Reevaluation of cyclosporine induced hepatotoxicity in the isolated perfused rat liver

Abstract Livers of male rats were perfused for 120 min in a recirculating hemoglobin-free system with different concentrations of cyclosporine (CS 2, 10, 50, 150 and 200 mg/l). CS produced damage to the livers in a dose dependent manner. The first sign of hepatotoxicity was a reduction of bile flow amounting to 50% already at 50 mg/l CS. At concentrations of 150 mg/l and 200 mg/l, CS lead to a nearly complete suppression of bile flow, furthermore to a release of cytosolic (GPT, glutamate–pyruvate transaminase, LDH, lactate dehydrogenase) and mitochondrial (GLDH, glutamate dehydrogenase) enzymes into the perfusate and to a decrease in hepatic oxygen consumption (30% at 200 mg/l CS). As a consequence of the reduced aerobic energy supply, hepatic ATP concentration declined (70% at 200 mg/l CS).

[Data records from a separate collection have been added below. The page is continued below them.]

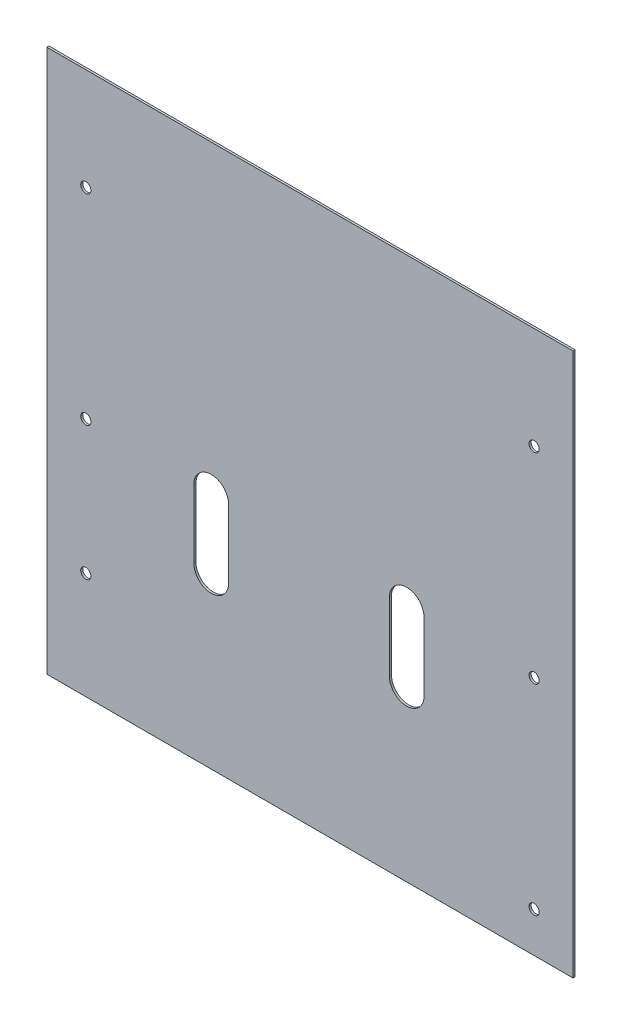
from build123d import *

# Parameters (mm, degrees)
SKETCH1_W                             = 196.85
SKETCH1_H                             = 203.2
BOSS_EXTRUDE1_DEPTH                   = 0.7747
CUT_EXTRUDE7_DEPTH                    = 1.7747
SKETCH4_W                             = 196.85
SKETCH4_H                             = 0.6096
BOSS_EXTRUDE2_DEPTH                   = 12
SKETCH14_W                            = 196.85
SKETCH14_H                            = 11.938
BOSS_EXTRUDE3_DEPTH                   = 0.7747
SKETCH13_W                            = 196.85
SKETCH13_H                            = 0.6096
CUT_EXTRUDE9_DEPTH                    = 12
CSK_FOR_M3_FLAT_HEAD_MACHINE_SCREW3_D = 3.81
SKETCH19_W                            = 182.676330849
SKETCH19_H                            = 33.741187375
BOSS_EXTRUDE4_DEPTH                   = 0.7747
SKETCH21_W                            = 22.718000829
SKETCH21_H                            = 22.312299049
SKETCH21_W_2                          = 21.538835619
SKETCH21_H_2                          = 16.643270878
BOSS_EXTRUDE5_DEPTH                   = 0.7747
SKETCH22_W                            = 13.90531837
SKETCH22_H                            = 14.215216999
SKETCH22_W_2                          = 12.509578485
SKETCH22_H_2                          = 9.075576548
BOSS_EXTRUDE6_DEPTH                   = 0.7747


with BuildPart() as part:
    # Sketch1 → Boss-Extrude1 (new body)
    with BuildSketch(Plane(origin=(0, 0, 0), x_dir=(1, 0, 0), z_dir=(0, 0, -1))):
        with Locations((-104.775, 135.4)):
            Rectangle(SKETCH1_W, SKETCH1_H)
    extrude(amount=BOSS_EXTRUDE1_DEPTH)

    # Sketch2 → Cut-Extrude7 (cut, through all)
    with BuildSketch(Plane(origin=(0, 0, -0.7747), x_dir=(1, 0, 0), z_dir=(0, 0, -1))):
        with BuildLine():
            Line((-135.221253236, 173.5), (-135.221253236, 148))
            ThreePointArc((-135.221253236, 148), (-141.721253236, 141.5), (-148.221253236, 148))
            Line((-148.221253236, 148), (-148.221253236, 173.5))
            ThreePointArc((-148.221253236, 173.5), (-141.721253236, 180), (-135.221253236, 173.5))
        make_face()
        with BuildLine():
            Line((-62.069253236, 173.5), (-62.069253236, 148))
            ThreePointArc((-62.069253236, 148), (-68.569253236, 141.5), (-75.069253236, 148))
            Line((-75.069253236, 148), (-75.069253236, 173.5))
            ThreePointArc((-75.069253236, 173.5), (-68.569253236, 180), (-62.069253236, 173.5))
        make_face()
    extrude(amount=-CUT_EXTRUDE7_DEPTH, mode=Mode.SUBTRACT)

    # Sketch4 → Boss-Extrude2 (add)
    with BuildSketch(Plane.XY):
        with Locations((-104.775, -34.1048)):
            Rectangle(SKETCH4_W, SKETCH4_H)
    extrude(amount=BOSS_EXTRUDE2_DEPTH)

    # Sketch14 → Boss-Extrude3 (add)
    with BuildSketch(Plane.XY):
        with Locations((-104.775, -53.935004147)):
            Rectangle(SKETCH14_W, SKETCH14_H)
    extrude(amount=-BOSS_EXTRUDE3_DEPTH)

    # Sketch13 → Cut-Extrude9 (cut)
    with BuildSketch(Plane.XY.offset(12)):
        with Locations((-104.775, -34.1048)):
            Rectangle(SKETCH13_W, SKETCH13_H)
    extrude(amount=-CUT_EXTRUDE9_DEPTH, mode=Mode.SUBTRACT)

    # CSK for M3 Flat Head Machine Screw3 (through all)
    with Locations(Plane.XY):
        with Locations((-188.645, -72), (-188.645, -222), (-188.645, -197), (-188.645, -172), (-188.645, -147), (-188.645, -122), (-188.645, -97)):
            csk_for_m3_flat_head_machine_screw3 = Hole(CSK_FOR_M3_FLAT_HEAD_MACHINE_SCREW3_D / 2)

    # Mirror1: CSK for M3 Flat Head Machine Screw3 across plane
    add(csk_for_m3_flat_head_machine_screw3.mirror(Plane(origin=(-104.775, 0, 0), x_dir=(0, 0, 1), z_dir=(1, 0, 0))), mode=Mode.SUBTRACT)

    # Sketch19 → Boss-Extrude4 (add)
    with BuildSketch(Plane(origin=(0, 0, -0.7747), x_dir=(-1, 0, 0), z_dir=(0, 0, -1))):
        with Locations((101.266706015, -109.837466763)):
            Rectangle(SKETCH19_W, SKETCH19_H)
    extrude(amount=-BOSS_EXTRUDE4_DEPTH)

    # Sketch21 → Boss-Extrude5 (add)
    with BuildSketch(Plane(origin=(0, 0, -0.7747), x_dir=(-1, 0, 0), z_dir=(0, 0, -1))):
        with Locations((185.571692861, -170.919383368)):
            Rectangle(SKETCH21_W, SKETCH21_H)
        with Locations((24.271371833, -173.753897453)):
            Rectangle(SKETCH21_W_2, SKETCH21_H_2)
    extrude(amount=-BOSS_EXTRUDE5_DEPTH)

    # Sketch22 → Boss-Extrude6 (add)
    with BuildSketch(Plane.XY):
        with Locations((-189.313880795, -220.883843828)):
            Rectangle(SKETCH22_W, SKETCH22_H)
        with Locations((-23.670028487, -197.876391374)):
            Rectangle(SKETCH22_W_2, SKETCH22_H_2)
    extrude(amount=-BOSS_EXTRUDE6_DEPTH)


solid = part.part

The hepatic concentrations of reduced glutathione (GSH) were not changed but those of oxidized glutathione (GSSG) increased up to 5-fold by CS. Malondialdehyde (MDA) concentrations in the liver and in the perfusate were not affected consistently by CS. The toxic actions of CS in the isolated rat liver were not influenced (a) by the feeding status of the rats (fed or fasted before surgery) or (b) by addition of superoxide dismutase (SOD, 20 mg/l) and catalase (20 mg/l) to the perfusate 30 min before CS. On the other hand, CS-induced hepatic injury could be attenuated or inhibited completely by addition to the perfusate of (1) 2 mmol/l GSH; (2) 12 mmol/l serine; (3) 12 mmol/l glycine; (4) 0.09 mmol/l deferoxamine (DFO). Conclusions: CS induces cholestasis at lower concentrations, probably by another mechanism(s) than the other signs of hepatotoxicity (enzyme release, ATP depletion). Several lines of evidence indicate a probable participation of reactive oxygen species in CS-induced hepatotoxicity. GSH, DFO, glycine and serine could provide therapeutic opportunities to prevent CS-induced hepatotoxicity in patients treated with high doses of CS.